Understanding hot workability of power plant P92 creep resistant steels using dynamic material modelling (DMM) and microstructural evolution

Abstract

Abstract This study reports the hot workability of two P92 creep-resistant steels with different chromium and tungsten contents, all within the ASME specification. These steels are used in manufacturing modern power plant boiler pipes. Uniaxial compression tests were done using a Gleeble® 3500 thermal-mechanical equipment. The test conditions were: deformation temperature of 850–1000°C and strain rate of 0.1-10s− 1. Experimental flow stress values obtained from isothermal hot compression tests were used to construct processing maps employing the dynamic material model approach. The flow stress-strain curve results of the two steels exhibited dynamic recovery characteristics.

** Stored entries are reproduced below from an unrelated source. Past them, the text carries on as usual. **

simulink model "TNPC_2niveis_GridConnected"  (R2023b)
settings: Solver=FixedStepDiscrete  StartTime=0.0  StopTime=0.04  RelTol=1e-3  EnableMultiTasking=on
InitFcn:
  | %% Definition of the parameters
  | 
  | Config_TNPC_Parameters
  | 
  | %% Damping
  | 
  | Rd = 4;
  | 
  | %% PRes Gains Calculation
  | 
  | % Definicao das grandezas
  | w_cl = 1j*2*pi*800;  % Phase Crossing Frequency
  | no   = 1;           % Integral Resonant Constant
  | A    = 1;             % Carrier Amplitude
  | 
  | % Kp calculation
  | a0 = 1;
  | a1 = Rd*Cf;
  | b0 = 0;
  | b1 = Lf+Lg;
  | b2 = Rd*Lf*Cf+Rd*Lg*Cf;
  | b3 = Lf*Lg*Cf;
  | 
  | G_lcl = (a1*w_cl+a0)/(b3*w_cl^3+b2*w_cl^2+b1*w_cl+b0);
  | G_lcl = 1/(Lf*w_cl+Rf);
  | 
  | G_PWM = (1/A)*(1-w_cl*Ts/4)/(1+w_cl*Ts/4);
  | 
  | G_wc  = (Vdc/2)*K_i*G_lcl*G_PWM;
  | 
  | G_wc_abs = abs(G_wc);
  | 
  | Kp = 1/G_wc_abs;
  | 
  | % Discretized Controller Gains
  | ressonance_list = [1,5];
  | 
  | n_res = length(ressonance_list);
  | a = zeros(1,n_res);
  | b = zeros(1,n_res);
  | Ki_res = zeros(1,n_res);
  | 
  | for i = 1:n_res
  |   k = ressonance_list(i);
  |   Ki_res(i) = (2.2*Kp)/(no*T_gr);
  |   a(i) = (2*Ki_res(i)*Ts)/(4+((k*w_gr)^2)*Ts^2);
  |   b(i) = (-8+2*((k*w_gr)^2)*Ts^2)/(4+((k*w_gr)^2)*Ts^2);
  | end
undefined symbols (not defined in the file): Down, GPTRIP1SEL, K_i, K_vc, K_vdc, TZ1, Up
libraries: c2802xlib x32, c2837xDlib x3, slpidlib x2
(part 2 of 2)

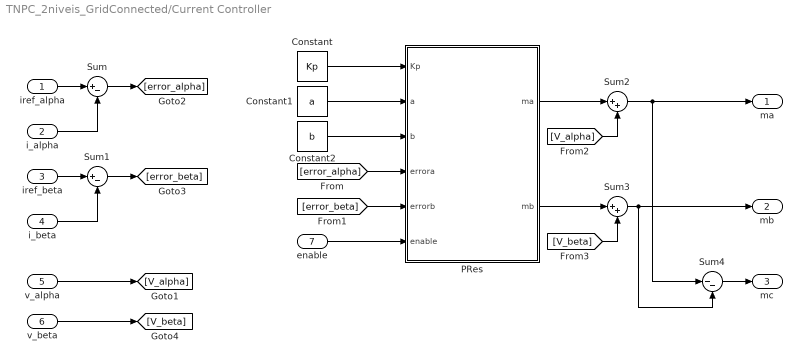
== system TNPC_2niveis_GridConnected/Current Controller ==
  iref_alpha : Inport
  i_alpha : Inport  Port=2
  iref_beta : Inport  Port=3
  i_beta : Inport  Port=4
  v_alpha : Inport  Port=5
  v_beta : Inport  Port=6
  enable : Inport  Port=7
  Constant : Constant  Value=Kp
  Constant1 : Constant  Value=a
  Constant2 : Constant  Value=b
  PRes : MATLAB Function  TreatAsAtomicUnit=on
  Sum : Sum  Inputs=|+-
  Sum1 : Sum  Inputs=|+-
  Sum2 : Sum  Inputs=|++
  Sum3 : Sum  Inputs=|++
  Sum4 : Sum  Inputs=|--
  ma : Outport
  mb : Outport  Port=2
  mc : Outport  Port=3
  wires:
  Constant/1 -> PRes/1(Kp)
  Constant1/1 -> PRes/2(a)
  Constant2/1 -> PRes/3(b)
  [error_alpha] -> PRes/4(errora)
  [error_beta] -> PRes/5(errorb)
  iref_alpha/1 -> Sum/1
  i_alpha/1 -> Sum/2
  iref_beta/1 -> Sum1/1
  i_beta/1 -> Sum1/2
  Sum1/1 -> [error_beta]
  Sum/1 -> [error_alpha]
  enable/1 -> PRes/6(enable)
  PRes/1(ma) -> Sum2/1
  Sum2/1 -> Sum4/1, ma/1
  PRes/2(mb) -> Sum3/1
  Sum3/1 -> mb/1, Sum4/2
  v_alpha/1 -> [V_alpha]
  v_beta/1 -> [V_beta]
  [V_alpha] -> Sum2/2
  [V_beta] -> Sum3/2
  Sum4/1 -> mc/1

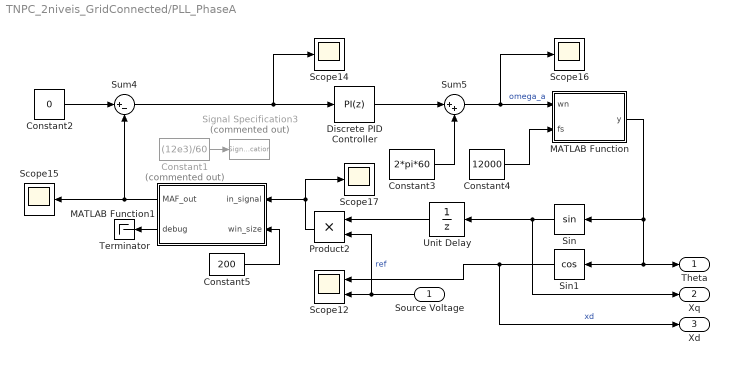
== system TNPC_2niveis_GridConnected/PLL_PhaseA ==
  Source Voltage : Inport
  Constant1 : Constant  Commented=on  Value=(12e3)/60
  Constant2 : Constant  Value=0  OutDataTypeStr=single
  Constant3 : Constant  Value=2*pi*60  OutDataTypeStr=single
  Constant4 : Constant  Value=12000  OutDataTypeStr=single
  Constant5 : Constant  Value=200  OutDataTypeStr=single
  Discrete PID Controller : slpidlib/PID Controller  Controller=PI  Form=Parallel  TimeDomain=Discrete-time  UseExternalTs=off  SampleTime=-1  IntegratorMethod=Forward Euler  FilterMethod=Forward Euler  ControllerParametersSource=internal  P=200  I=4000  UseKiTs=off  D=0  N=100  UseFilter=on  TunerSelectOption=Transfer Function Based (PID Tuner App)  InitialConditionSource=internal  InitialConditionForIntegrator=0  InitialConditionForFilter=0  DifferentiatorICPrevScaledInput=0  ExternalReset=none  TrackingMode=off  Kt=1  LimitOutput=off  SatLimitsSource=internal  UpperSaturationLimit=inf  LowerSaturationLimit=-inf  LinearizeAsGain=off  AntiWindupMode=none  Kb=1  LimitIntegrator=off  UpperIntegratorSaturationLimit=inf  LowerIntegratorSaturationLimit=-inf  POutMin=[]  POutMax=[]  IOutMin=[]  IOutMax=[]  DOutMin=[]  DOutMax=[]  NOutMin=[]  NOutMax=[]  SumOutMin=[]  SumOutMax=[]  SaturationOutMin=[]  SaturationOutMax=[]  PParamMin=[]  PParamMax=[]  IParamMin=[]  IParamMax=[]  DParamMin=[]  DParamMax=[]  NParamMin=[]  NParamMax=[]  KbParamMin=[]  KbParamMax=[]  KtParamMin=[]  KtParamMax=[]  KbOutMin=[]  KbOutMax=[]  KtOutMin=[]  KtOutMax=[]  IntegratorOutMin=[]  IntegratorOutMax=[]  FilterOutMin=[]  FilterOutMax=[]  SumI1OutMin=[]  SumI1OutMax=[]  SumI2OutMin=[]  SumI2OutMax=[]  SumI3OutMin=[]  SumI3OutMax=[]  SumI4OutMin=[]  SumI4OutMax=[]  SumDOutMin=[]  SumDOutMax=[]  DifferentiatorOutMin=[]  DifferentiatorOutMax=[]  FilterDiffOutCoefMin=[]  FilterDiffOutCoefMax=[]  ReciprocalOutMin=[]  ReciprocalOutMax=[]  SumDenOutMin=[]  SumDenOutMax=[]  SumNumOutMin=[]  SumNumOutMax=[]  DivideOutMin=[]  DivideOutMax=[]  UdiffTsProdOutMin=[]  UdiffTsProdOutMax=[]  NTsProdOutMin=[]  NTsProdOutMax=[]  UintegralTsProdOutMin=[]  UintegralTsProdOutMax=[]  UngainTsProdOutMin=[]  UngainTsProdOutMax=[]  ClampingZeroOutDataTypeStr=Inherit: Inherit via back propagation  ClampingZeroOutMin=[]  ClampingZeroOutMax=[]  FilterDenConstantOutDataTypeStr=Inherit: Inherit via back propagation  FilterDenConstantOutMin=[]  FilterDenConstantOutMax=[]  PCopyOutDataTypeStr=Inherit: Inherit via back propagation  PCopyOutMin=[]  PCopyOutMax=[]  NCopyOutDataTypeStr=Inherit: Inherit via back propagation  NCopyOutMin=[]  NCopyOutMax=[]  IntegratorContinuousStateAttributes=''  IntegratorStateMustResolveToSignalObject=off  IntegratorRTWStateStorageClass=Auto  FilterContinuousStateAttributes=''  FilterStateMustResolveToSignalObject=off  FilterRTWStateStorageClass=Auto  ParallelPVariant=InternalParameters  IdealPVariant=Disabled  IVariant=InternalParameters  DVariant=Disabled  IntegratorVariant=Discrete  SatVariant=Disabled  AWVariant=Passthrough  PCopyVariant=Disabled  TRVariant=Disabled  FdbkBlocksVariant=Forward  IdealPFdbkVariant=Disabled  SatFdbkVariant=Disabled  DerivativeFilterVariant=Disabled  NVariant=Disabled  NCopyVariant=Disabled_SignalSpec  FilterICVariant=Disabled  IntegratorICVariant=InternalICs  ExternalResetVariant=Disabled  TRSumVariant=Passthrough  SumFdbkVariant=Disabled  SumVariant=Sum_PI  TsampFilterVariant=InternalTs  TsampNgainVariant=Passthrough  TsampIntegralVariant=Disabled_SignalSpec  ExternalSaturationOutDataTypeStr=Inherit: Same as second input
  MATLAB Function : MATLAB Function  TreatAsAtomicUnit=on
  MATLAB Function1 : MATLAB Function  TreatAsAtomicUnit=on
  Product2 : Product
  Scope12 : Scope  NumInputPorts=2
  Scope{14..17} (4 alike) : Scope
  Signal Specification3 : SignalSpecification  Commented=on  Dimensions=[1 1]
  Sin : Trigonometry
  Sin1 : Trigonometry  Operator=cos
  Sum4 : Sum  Inputs=|+-
  Sum5 : Sum  Inputs=|++
  Terminator : Terminator
  Unit Delay : UnitDelay  SampleTime=-1  HasFrameUpgradeWarning=on
  Theta : Outport
  Xq : Outport  Port=2
  Xd : Outport  Port=3
  wires:
  Constant1/1 -> Signal Specification3/1
  Constant4/1 -> MATLAB Function/2(fs)
  Sum5/1 -> MATLAB Function/1(wn), Scope16/1  "omega_a"
  Source Voltage/1 -> Scope12/2, Product2/2  "ref"
  Constant3/1 -> Sum5/2
  Unit Delay/1 -> Product2/1
  Constant2/1 -> Sum4/1
  Sum4/1 -> Scope14/1, Discrete PID Controller/1
  Sin/1 -> Unit Delay/1, Xq/1
  Sin1/1 -> Scope12/1, Xd/1  "xd"
  Product2/1 -> MATLAB Function1/1(in_signal), Scope17/1
  MATLAB Function/1(y) -> Sin/1, Sin1/1, Theta/1
  Discrete PID Controller/1 -> Sum5/1
  MATLAB Function1/1(MAF_out) -> Sum4/2, Scope15/1
  Constant5/1 -> MATLAB Function1/2(win_size)
  MATLAB Function1/2(debug) -> Terminator/1

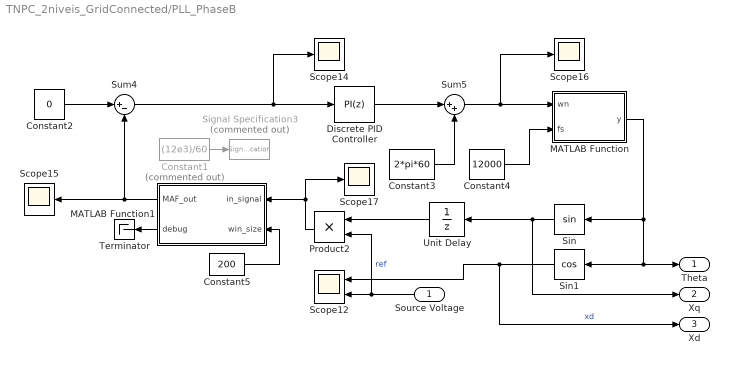
== system TNPC_2niveis_GridConnected/PLL_PhaseB ==
  Source Voltage : Inport
  Constant1 : Constant  Commented=on  Value=(12e3)/60
  Constant2 : Constant  Value=0  OutDataTypeStr=single
  Constant3 : Constant  Value=2*pi*60  OutDataTypeStr=single
  Constant4 : Constant  Value=12000  OutDataTypeStr=single
  Constant5 : Constant  Value=200  OutDataTypeStr=single
  Discrete PID Controller : slpidlib/PID Controller  Controller=PI  Form=Parallel  TimeDomain=Discrete-time  UseExternalTs=off  SampleTime=-1  IntegratorMethod=Forward Euler  FilterMethod=Forward Euler  ControllerParametersSource=internal  P=200  I=4000  UseKiTs=off  D=0  N=100  UseFilter=on  TunerSelectOption=Transfer Function Based (PID Tuner App)  InitialConditionSource=internal  InitialConditionForIntegrator=0  InitialConditionForFilter=0  DifferentiatorICPrevScaledInput=0  ExternalReset=none  TrackingMode=off  Kt=1  LimitOutput=off  SatLimitsSource=internal  UpperSaturationLimit=inf  LowerSaturationLimit=-inf  LinearizeAsGain=off  AntiWindupMode=none  Kb=1  LimitIntegrator=off  UpperIntegratorSaturationLimit=inf  LowerIntegratorSaturationLimit=-inf  POutMin=[]  POutMax=[]  IOutMin=[]  IOutMax=[]  DOutMin=[]  DOutMax=[]  NOutMin=[]  NOutMax=[]  SumOutMin=[]  SumOutMax=[]  SaturationOutMin=[]  SaturationOutMax=[]  PParamMin=[]  PParamMax=[]  IParamMin=[]  IParamMax=[]  DParamMin=[]  DParamMax=[]  NParamMin=[]  NParamMax=[]  KbParamMin=[]  KbParamMax=[]  KtParamMin=[]  KtParamMax=[]  KbOutMin=[]  KbOutMax=[]  KtOutMin=[]  KtOutMax=[]  IntegratorOutMin=[]  IntegratorOutMax=[]  FilterOutMin=[]  FilterOutMax=[]  SumI1OutMin=[]  SumI1OutMax=[]  SumI2OutMin=[]  SumI2OutMax=[]  SumI3OutMin=[]  SumI3OutMax=[]  SumI4OutMin=[]  SumI4OutMax=[]  SumDOutMin=[]  SumDOutMax=[]  DifferentiatorOutMin=[]  DifferentiatorOutMax=[]  FilterDiffOutCoefMin=[]  FilterDiffOutCoefMax=[]  ReciprocalOutMin=[]  ReciprocalOutMax=[]  SumDenOutMin=[]  SumDenOutMax=[]  SumNumOutMin=[]  SumNumOutMax=[]  DivideOutMin=[]  DivideOutMax=[]  UdiffTsProdOutMin=[]  UdiffTsProdOutMax=[]  NTsProdOutMin=[]  NTsProdOutMax=[]  UintegralTsProdOutMin=[]  UintegralTsProdOutMax=[]  UngainTsProdOutMin=[]  UngainTsProdOutMax=[]  ClampingZeroOutDataTypeStr=Inherit: Inherit via back propagation  ClampingZeroOutMin=[]  ClampingZeroOutMax=[]  FilterDenConstantOutDataTypeStr=Inherit: Inherit via back propagation  FilterDenConstantOutMin=[]  FilterDenConstantOutMax=[]  PCopyOutDataTypeStr=Inherit: Inherit via back propagation  PCopyOutMin=[]  PCopyOutMax=[]  NCopyOutDataTypeStr=Inherit: Inherit via back propagation  NCopyOutMin=[]  NCopyOutMax=[]  IntegratorContinuousStateAttributes=''  IntegratorStateMustResolveToSignalObject=off  IntegratorRTWStateStorageClass=Auto  FilterContinuousStateAttributes=''  FilterStateMustResolveToSignalObject=off  FilterRTWStateStorageClass=Auto  ParallelPVariant=InternalParameters  IdealPVariant=Disabled  IVariant=InternalParameters  DVariant=Disabled  IntegratorVariant=Discrete  SatVariant=Disabled  AWVariant=Passthrough  PCopyVariant=Disabled  TRVariant=Disabled  FdbkBlocksVariant=Forward  IdealPFdbkVariant=Disabled  SatFdbkVariant=Disabled  DerivativeFilterVariant=Disabled  NVariant=Disabled  NCopyVariant=Disabled_SignalSpec  FilterICVariant=Disabled  IntegratorICVariant=InternalICs  ExternalResetVariant=Disabled  TRSumVariant=Passthrough  SumFdbkVariant=Disabled  SumVariant=Sum_PI  TsampFilterVariant=InternalTs  TsampNgainVariant=Passthrough  TsampIntegralVariant=Disabled_SignalSpec  ExternalSaturationOutDataTypeStr=Inherit: Same as second input
  MATLAB Function : MATLAB Function  TreatAsAtomicUnit=on
  MATLAB Function1 : MATLAB Function  TreatAsAtomicUnit=on
  Product2 : Product
  Scope12 : Scope  NumInputPorts=2
  Scope{14..17} (4 alike) : Scope
  Signal Specification3 : SignalSpecification  Commented=on  Dimensions=[1 1]
  Sin : Trigonometry
  Sin1 : Trigonometry  Operator=cos
  Sum4 : Sum  Inputs=|+-
  Sum5 : Sum  Inputs=|++
  Terminator : Terminator
  Unit Delay : UnitDelay  SampleTime=-1  HasFrameUpgradeWarning=on
  Theta : Outport
  Xq : Outport  Port=2
  Xd : Outport  Port=3
  wires:
  MATLAB Function1/2(debug) -> Terminator/1
  Constant5/1 -> MATLAB Function1/2(win_size)
  MATLAB Function1/1(MAF_out) -> Scope15/1, Sum4/2
  Discrete PID Controller/1 -> Sum5/1
  MATLAB Function/1(y) -> Theta/1, Sin1/1, Sin/1
  Product2/1 -> MATLAB Function1/1(in_signal), Scope17/1
  Sin1/1 -> Xd/1, Scope12/1  "xd"
  Sin/1 -> Xq/1, Unit Delay/1
  Sum4/1 -> Discrete PID Controller/1, Scope14/1
  Constant2/1 -> Sum4/1
  Unit Delay/1 -> Product2/1
  Constant3/1 -> Sum5/2
  Source Voltage/1 -> Product2/2, Scope12/2  "ref"
  Sum5/1 -> Scope16/1, MATLAB Function/1(wn)
  Constant4/1 -> MATLAB Function/2(fs)
  Constant1/1 -> Signal Specification3/1

== matlab function TNPC_2niveis_GridConnected/MATLAB Function11 ==
  data: i_rms input; error_overcurrent output; error_ac_overvoltage output; error_dc_overvoltage output; error_unbalance output; error_low_Vdc output; enable_contactor_out output; enable_PreCharge_out output; enable_PWM_out output; I_limit input; V_rms input; V_limit input; V_dc input; Vdc_limit input; V_unb input; Vunb_limit input; enable_relay input; enable_PWM input; enable_PreCharge input; error_reset input; error_reset_out output; out_gpio output
function [error_overcurrent, error_ac_overvoltage, error_dc_overvoltage, error_unbalance, error_low_Vdc, enable_contactor_out, enable_PreCharge_out, enable_PWM_out, error_reset_out, out_gpio] = TNPC_Protection(i_rms, I_limit, V_rms, V_limit, V_dc, Vdc_limit, V_unb, Vunb_limit, enable_relay, enable_PWM, enable_PreCharge, error_reset)

% Persistent variables definition
persistent error_flag
persistent error_overcurrent_p
persistent error_ac_overvoltage_p
persistent error_dc_overvoltage_p
persistent error_unbalance_p
persistent error_low_Vdc_p
if isempty(error_flag)
    error_flag = single(0);
    error_overcurrent_p    = single(0);
    error_ac_overvoltage_p = single(0);
    error_dc_overvoltage_p = single(0);
    error_unbalance_p      = single(0);
    error_low_Vdc_p        = single(0);
end

% Check for errors
if max(i_rms) > I_limit
    error_overcurrent = single(1);
    error_overcurrent_p = single(1);
else
    error_overcurrent = single(0);
end

if V_dc > Vdc_limit
    error_dc_overvoltage = single(1);
    error_dc_overvoltage_p = single(1);
else
    error_dc_overvoltage = single(0);  
end

if V_unb > Vunb_limit
    error_unbalance = single(1);
    error_unbalance_p = single(1);
else
    error_unbalance = single(0);
end

if max(V_rms) > V_limit
    error_ac_overvoltage = single(1);
    error_ac_overvoltage_p = single(1);
else
    error_ac_overvoltage = single(0);  
end

if V_dc*500 < sqrt(2)*max(V_rms)*250
    error_low_Vdc = single(1);
    error_low_Vdc_p = single(1);
else
    error_low_Vdc = single(0);
end

% Raise the error flag
if (error_overcurrent == 1) || (error_dc_overvoltage == 1) || (error_unbalance == 1) || (error_ac_overvoltage == 1) || (error_low_Vdc == 1)
    error_flag = single(1);
end

% Reset logic
if error_flag == 1 && error_reset == 1 && error_overcurrent == 0 && error_dc_overvoltage == 0 && error_ac_overvoltage == 0 && error_unbalance == 0 && error_low_Vdc == 0
    % Clear the persistent variables
    error_flag = single(0);
    error_overcurrent_p    = single(0);
    error_ac_overvoltage_p = single(0);
    error_dc_overvoltage_p = single(0);
    error_unbalance_p      = single(0);
    error_low_Vdc_p        = single(0);
    % Send 0 to the reset signal
    error_reset_out = single(0);
else
    error_reset_out = error_reset;
end

% Enable signals output
if error_flag == 1
    enable_contactor_out = single(0);
    enable_PWM_out   = single(0);
    enable_PreCharge_out = single(0);
else
    enable_contactor_out = enable_relay;
    enable_PWM_out   = enable_PWM;
    enable_PreCharge_out = enable_PreCharge;
end

if (error_overcurrent_p == 1) || (error_dc_overvoltage_p == 1) || (error_unbalance_p == 1) || (error_ac_overvoltage_p == 1) || (error_low_Vdc_p == 1)
    out_gpio = single(1);
else
    out_gpio = single(0);
end

== matlab function TNPC_2niveis_GridConnected/Current Controller/PRes ==
  data: Kp input; a input; b input; errora input; ma output; errorb input; mb output; enable input
function [ma, mb] = PResCurrent(Kp, a, b, errora, errorb, enable)

%Controller modeled in abc frame, considering p.u. values

%%% Variables Definition
%%%%#########################################################
%%%%######################################################### 

nRes = length(a);

max_pu = single(1.0);

%Proportional part variable
%Phase a
persistent pia
    if isempty(pia)
        pia = single(0.0);
    end
%Phase b    
persistent pib
    if isempty(pib)
        pib = single(0.0);
    end 
    
%Resonant parts variables
%Phase a
persistent presa
    if isempty(presa)
        presa = zeros(1,nRes);
    end
persistent presa_1d %1 sample delay
    if isempty(presa_1d)
        presa_1d = zeros(1,nRes);
    end    
persistent presa_2d %2 samples delay
    if isempty(presa_2d)
        presa_2d = zeros(1,nRes);
    end
persistent presOUT_ia
    if isempty(presOUT_ia)
        presOUT_ia = single(0.0);
    end
    
%Phase b
persistent presb
    if isempty(presb)
        presb = zeros(1,nRes);
    end
persistent presb_1d %1 sample delay
    if isempty(presb_1d)
        presb_1d = zeros(1,nRes);
    end    
persistent presb_2d %2 samples delay
    if isempty(presb_2d)
        presb_2d = zeros(1,nRes);
    end
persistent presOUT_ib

The flow stress increased with a decrease in temperature or an increase in strain rate. The correlation between the processing maps and the microstructure of the deformed samples reveals that the optimal processing window for the two steels occurred at a deformation temperature of 850°C and 1000°C and a lower strain rate of 0.1s− 1 for the conditions studied. These regions had maximum power efficiency of 26% (P92-A steel) and 19% (P92-B steel). The findings from this study have provided a new approach to process parameter optimisation using a dynamic material model technique of industrial metal forming of P92 steels. Hence, reducing manufacturing time and cost.